[Dataset excerpts]
=== Section Start ===

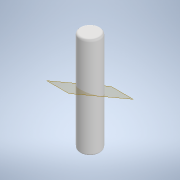
# Autodesk Inventor part: 76. Стопор
Saved by Autodesk Inventor 2021 (Build 250183000, 183)
## iProperties
Created: 2021-04-09
Part Number: 76. Стопор
Material: Типовые
Document SubType Name: Modeling
Designer: Данил
Density: 1 g/cm^3
Appearance: По умолчанию
Author: Данил
Autodesk Inventor part; units mm, degrees
ref_plane "YZ Plane" through (0, 0, 0) normal (1, 0, 0) x (0, 1, 0)
ref_plane "XY Plane" through (0, 0, 0) normal (0, 0, 1) x (1, 0, 0)
sketch "Эскиз1" plane through (0, 0, 0) normal (0, 0, 1) x (1, 0, 0)
  line L0 (0, 12.5) -> (0, -12.5)
  line L1 (0, 12.5) -> (2.5, 12.5)
  line L2 (2.5, 12.5) -> (2.5, -12.5)
  line L3 (2.5, -12.5) -> (0, -12.5)
  line L4 (0, -12.5) -> (0, 12.5)
  point P0 (0, 0)
  point P1 (0, 0)
  dimension "d0" = 25
  dimension "d1" = 5
  constraints: 10 end point, 2 parallel, 1 coincident, 1 horizontal, 1 horizontal alignment, 1 midpoint, 1 perpendicular, 1 vertical
  measures "d0" distance of L0.start L0.end
  measures "d1" diameter of L2 L0
revolve "Вращение1" add sketch "Эскиз1" angle 360 about axis through (0, 12.5, 0) along (0, -1, 0)
fillet "Сопряжение1" radius 0.5 2 edges at (-2.5, 12.5, 0) (-2.5, -12.5, 0)
ref_plane "РабПлоскость1" through (0, 0, 0) normal (0, 0.8660254, -0.5) x (1, 0, 0)
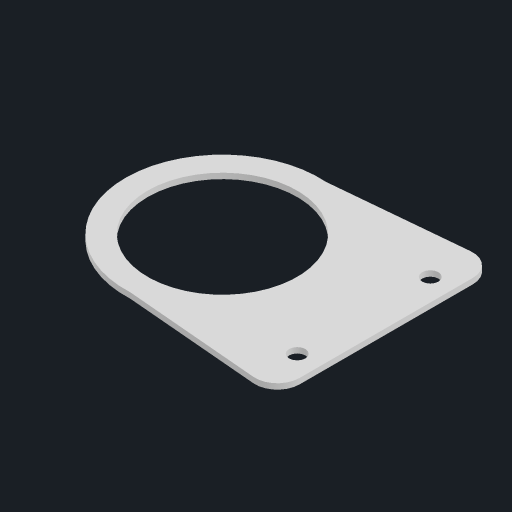
# Autodesk Inventor part: tankHolder
Saved by Autodesk Inventor 2024.2 (Build 282272000, 272)
## iProperties
Created: 2024-01-16
Part Number: tankHolder
Material: Generic
Document SubType Name: Sheet Metal
Designer: reima
Density: 1 g/cm^3
Sheet Metal Rule: Default
Appearance: Default
Author: reima
Autodesk Inventor part; units mm, degrees
ref_plane "YZ Plane" through (0, 0, 0) normal (1, 0, 0) x (0, 1, 0)
ref_plane "XZ Plane" through (0, 0, 0) normal (0, 1, 0) x (-1, 0, 0)
ref_plane "XY Plane" through (0, 0, 0) normal (0, 0, 1) x (1, 0, 0)
sketch "Sketch1" plane through (0, 0, 0) normal (0, 1, 0) x (-1, 0, 0)
  circle A0 centre (0, 0) radius 21.3995
  circle A1 centre (0, 0) radius 27.7495
  line L0 (-46.8122, -23.6104) -> (-46.8122, 23.6104)
  circle A2 centre (-40.4622, -19.05) radius 2.3368
  circle A3 centre (-40.4622, 19.05) radius 2.3368
  line L1 (-40.4622, 19.05) -> (-40.4622, -19.05) construction
  line L2 (-39.9143, 31.0559) -> (-1.3558, 27.7164)
  line L3 (-39.8743, -31.2016) -> (-1.9834, -27.6785)
  line L4 (-46.8122, 24.7296) -> (-46.8122, 23.6104)
  line L5 (-46.8122, -23.6104) -> (-46.8122, -24.8789)
  arc A4 (-39.9143, 31.0559) -> (-46.8122, 24.7296) centre (-40.4622, 24.7296) ccw
  arc A5 (-46.8122, -24.8789) -> (-39.8743, -31.2016) centre (-40.4622, -24.8789) ccw
  point P0 (-46.8122, -31.8467)
  point P1 (-46.8122, 31.6533)
  point P2 (-46.8122, 0)
  point P3 (1.3558, 27.7164)
  point P4 (1.9834, -27.6785)
  point P5 (-40.4622, 0)
  dimension "d0" = 42.799
  dimension "d1" = 6.35
  dimension "d2" = 63.5
  dimension "d4" = 0
  dimension "d8" = 4.6736
  dimension "d9" = 4.6736
  dimension "d10" = 38.1
  dimension "d11" = 6.35
  dimension "d12" = 0
  dimension "d17" = 6.35
  dimension "d18" = 6.35
  dimension "d19" = 40.4622
  dimension "d20" = 10.262
  dimension "d21" = 84.688
  dimension "d22" = 27.376
  dimension "d23" = 0.3673
  dimension "d24" = 54.8478
  dimension "d25" = 55.219
  measures "d0" diameter of A0
  measures "d1" radial gap between concentric circles of A0 A1
  measures "d2" distance of point (-46.812, -31.847) point (-46.812, 31.653)
  measures "d4" vertical distance of point (0, 0) point (-46.812, 0)
  measures "d8" diameter of A2
  measures "d9" diameter of A3
  measures "d10" distance of L1.end L1.start
  measures "d11" distance from line of L0 L1.start
  measures "d12" vertical distance of point (-46.812, 0) point (-40.462, 0)
  measures "d17" radius of A4
  measures "d18" radius of A5
  measures "d19" horizontal distance of L1.end A0.centre
  measures "d20" angle of L2 L3
  measures "d21" angle of L3 L1
  measures "d22" distance from line of point (0, 0) L3
  measures "d23" distance from line of A1.end L3
  measures "d24" distance from line of A1.start L3
  measures "d25" distance from line of L0.end L3
extrude "Plate1" add sketch "Sketch1" along normal blind 1.5875
equation "\"d13\" = Thickness"
equation "\"BendRadius\" = Thickness"
equation "\"BendReliefWidth\" = Thickness"
equation "\"BendReliefDepth\" = 0.5 * Thickness"
equation "\"CornerReliefSize\" = 4 * Thickness"
equation "\"MinimumRemnant\" = 2 * Thickness"
equation "\"TransitionRadius\" = BendRadius"
equation "\"JacobiRadiusSize\" = BendRadius"
equation "\"GapSize\" = Thickness"
equation "\"Thickness\" = 1.5875"
body "Solid1"
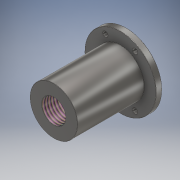
# Autodesk Inventor part: RNFBL2005A2.5S
Saved by Autodesk Inventor 2018 (Build 220112000, 112)
## iProperties
Created: 2018-04-10
Part Number: RNFBL2005A2.5S
Material: Steel, Carbon
Document SubType Name: Modeling
Designer: P136265
Density: 7.85 g/cm^3
Appearance: Semi-Polished
Author: P136265
Autodesk Inventor part; units mm, degrees
ref_plane "YZ Plane" through (0, 0, 0) normal (1, 0, 0) x (0, 1, 0)
ref_plane "XZ Plane" through (0, 0, 0) normal (0, 1, 0) x (-1, 0, 0)
ref_plane "XY Plane" through (0, 0, 0) normal (0, 0, 1) x (1, 0, 0)
sketch "Sketch1" plane through (0, 0, 0) normal (0, 1, 0) x (-1, 0, 0)
  circle A0 centre (0, 0) radius 30
  dimension "d0" = 60
  constraints: 1 centre point, 1 coincident
  measures "d0" diameter of A0
extrude "Extrusion1" add sketch "Sketch1" along normal blind 5
sketch "Sketch2" plane through (0, 0, 0) normal (0, -1, 0) x (1, 0, 0)
  circle A0 centre (0, 0) radius 20
  dimension "d3" = 40
  constraints: 1 centre point, 1 coincident
  measures "d3" diameter of A0
extrude "Extrusion2" add sketch "Sketch2" along normal blind 56
sketch "Sketch3" plane through (0, 5, 0) normal (0, 1, 0) x (1, 0, 0)
  circle A0 centre (0, 0) radius 2.5 construction
  dimension "d6" = 5
  constraints: 1 centre point, 1 coincident
  measures "d6" diameter of A0
hole "Hole1" at (0, 5, 0) direction (0, -1, 0) diameter 20 end through all
thread "Thread1" size "M20x2.5" class "6H" standard "ANSI Metric M Profile" full length
sketch "Sketch4" plane through (0, 5, 0) normal (0, 1, 0) x (1, 0, 0)
  line L0 (0, 0) -> (0, 50) construction
  line L1 (0, 0) -> (25, 43.3013) construction
  line L2 (0, 0) -> (-25, 43.3013) construction
  circle A0 centre (0, 0) radius 25 construction
  circle A1 centre (12.5, 21.6506) radius 2 construction
  circle A2 centre (-12.5, 21.6506) radius 2 construction
  line L3 (0, 0) -> (25, 0) construction
  circle A3 centre (12.5, -21.6506) radius 2 construction
  circle A4 centre (-12.5, -21.6506) radius 2 construction
  dimension "d16" = 50
  dimension "d17" = 50
  dimension "d18" = 30
  dimension "d19" = 50
  dimension "d20" = 4
  dimension "d21" = 4
  constraints: 8 end point, 5 centre point, 3 point on circle, 3 symmetric about line, 2 midpoint, 1 coincident, 1 horizontal, 1 vertical, 2 other
  measures "d16" distance of L0.start L0.end
  measures "d17" distance of L0.start L1.end
  measures "d18" angle of L0 L1
  measures "d19" diameter of A0
  measures "d20" diameter of A1
  measures "d21" diameter of A2
hole "Hole2" at (12.5, 5, -21.6506) at (-12.5, 5, -21.6506) at (12.5, 5, 21.6506) at (-12.5, 5, 21.6506) direction (0, -1, 0) diameter 4.5 end through all
fillet "Fillet1" radius 0.25 6 edges at (30, 0, 0) (30, 5, 0) (-20, -56, 0) (0, -56, -10) (-20, 0, 0) (0, 5, -10)
body "Solid1"
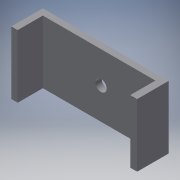
# Autodesk Inventor part: flange
Saved by Autodesk Inventor 2019 (Build 230136000, 136)
## iProperties
Created: 2021-11-02
Part Number: flange
Material: Generic
Document SubType Name: Modeling
Designer: modym
Density: 1 g/cm^3
Appearance: Default
Author: modym
Autodesk Inventor part; units mm, degrees
ref_plane "YZ Plane" through (0, 0, 0) normal (1, 0, 0) x (0, 1, 0)
ref_plane "XZ Plane" through (0, 0, 0) normal (0, 1, 0) x (-1, 0, 0)
ref_plane "XY Plane" through (0, 0, 0) normal (0, 0, 1) x (1, 0, 0)
sketch "Sketch1" plane through (0, 0, 0) normal (0, 1, 0) x (-1, 0, 0)
  line L0 (0, 0) -> (0, -20)
  line L1 (0, -20) -> (89.5, -20)
  line L2 (89.5, -20) -> (89.5, 0)
  line L3 (89.5, 0) -> (94.5, 0)
  line L4 (94.5, 0) -> (94.5, -25)
  line L5 (94.5, -25) -> (-5.5, -25)
  line L6 (-5.5, -25) -> (-5.5, 0)
  line L7 (-5.5, 0) -> (0, 0)
  line L8 (0, 1280) -> (0, -20) projected
  line L9 (89.5, -20) -> (89.5, 1280) projected
  line L10 (0, -20) -> (0, 1280) projected
  line L11 (89.5, 1280) -> (89.5, -20) projected
  dimension "d0" = 20
  dimension "d1" = 89.5
  dimension "d2" = 5
  dimension "d3" = 25
  dimension "d4" = 100
  dimension "d10" = 89.5
  dimension "d12" = 89.5
  constraints: 16 end point, 7 perpendicular, 1 point on line, 1 vertical
  measures "d0" distance of L0.start L0.end
  measures "d1" distance of L0.end L1.end
  measures "d2" distance of L2.end L3.end
  measures "d3" distance of L3.end L4.end
  measures "d4" distance of L4.end L5.end
  measures "d10" distance between parallel lines of L9 L8
  measures "d12" distance between parallel lines of L11 L10
extrude "Extrusion1" add sketch "Sketch1" along normal blind 50
sketch "Sketch2" plane through (-89.5, 0, -20) normal (0, 0, 1) x (1, 0, 0)
  line L0 (89.5, 0) -> (0, 0) projected
  line L1 (89.5, 0) -> (89.5, 50) projected
  line L2 (0, 50) -> (89.5, 50) projected
  line L3 (0, 0) -> (0, 50) projected
  circle A0 centre (46.25, 25) radius 4.5
  line L4 (-5, 0) -> (-5, 50) projected
  dimension "d7" = 9
  dimension "d11" = 51.25
  constraints: 1 centre point
  measures "d7" diameter of A0
  measures "d11" distance from line of L4 A0.centre
extrude "Extrusion2" cut sketch "Sketch2" against normal blind 50 contours A0
equation "\"d1\" = d10"
body "Solid1"

=== Section End ===

Will you return exactly the lines above from the one with "point P3 (1.3558, 27.7164)" down to the one with "normal blind 1.5875", counting both as part of the range?

  point P3 (1.3558, 27.7164)
  point P4 (1.9834, -27.6785)
  point P5 (-40.4622, 0)
  dimension "d0" = 42.799
  dimension "d1" = 6.35
  dimension "d2" = 63.5
  dimension "d4" = 0
  dimension "d8" = 4.6736
  dimension "d9" = 4.6736
  dimension "d10" = 38.1
  dimension "d11" = 6.35
  dimension "d12" = 0
  dimension "d17" = 6.35
  dimension "d18" = 6.35
  dimension "d19" = 40.4622
  dimension "d20" = 10.262
  dimension "d21" = 84.688
  dimension "d22" = 27.376
  dimension "d23" = 0.3673
  dimension "d24" = 54.8478
  dimension "d25" = 55.219
  measures "d0" diameter of A0
  measures "d1" radial gap between concentric circles of A0 A1
  measures "d2" distance of point (-46.812, -31.847) point (-46.812, 31.653)
  measures "d4" vertical distance of point (0, 0) point (-46.812, 0)
  measures "d8" diameter of A2
  measures "d9" diameter of A3
  measures "d10" distance of L1.end L1.start
  measures "d11" distance from line of L0 L1.start
  measures "d12" vertical distance of point (-46.812, 0) point (-40.462, 0)
  measures "d17" radius of A4
  measures "d18" radius of A5
  measures "d19" horizontal distance of L1.end A0.centre
  measures "d20" angle of L2 L3
  measures "d21" angle of L3 L1
  measures "d22" distance from line of point (0, 0) L3
  measures "d23" distance from line of A1.end L3
  measures "d24" distance from line of A1.start L3
  measures "d25" distance from line of L0.end L3
extrude "Plate1" add sketch "Sketch1" along normal blind 1.5875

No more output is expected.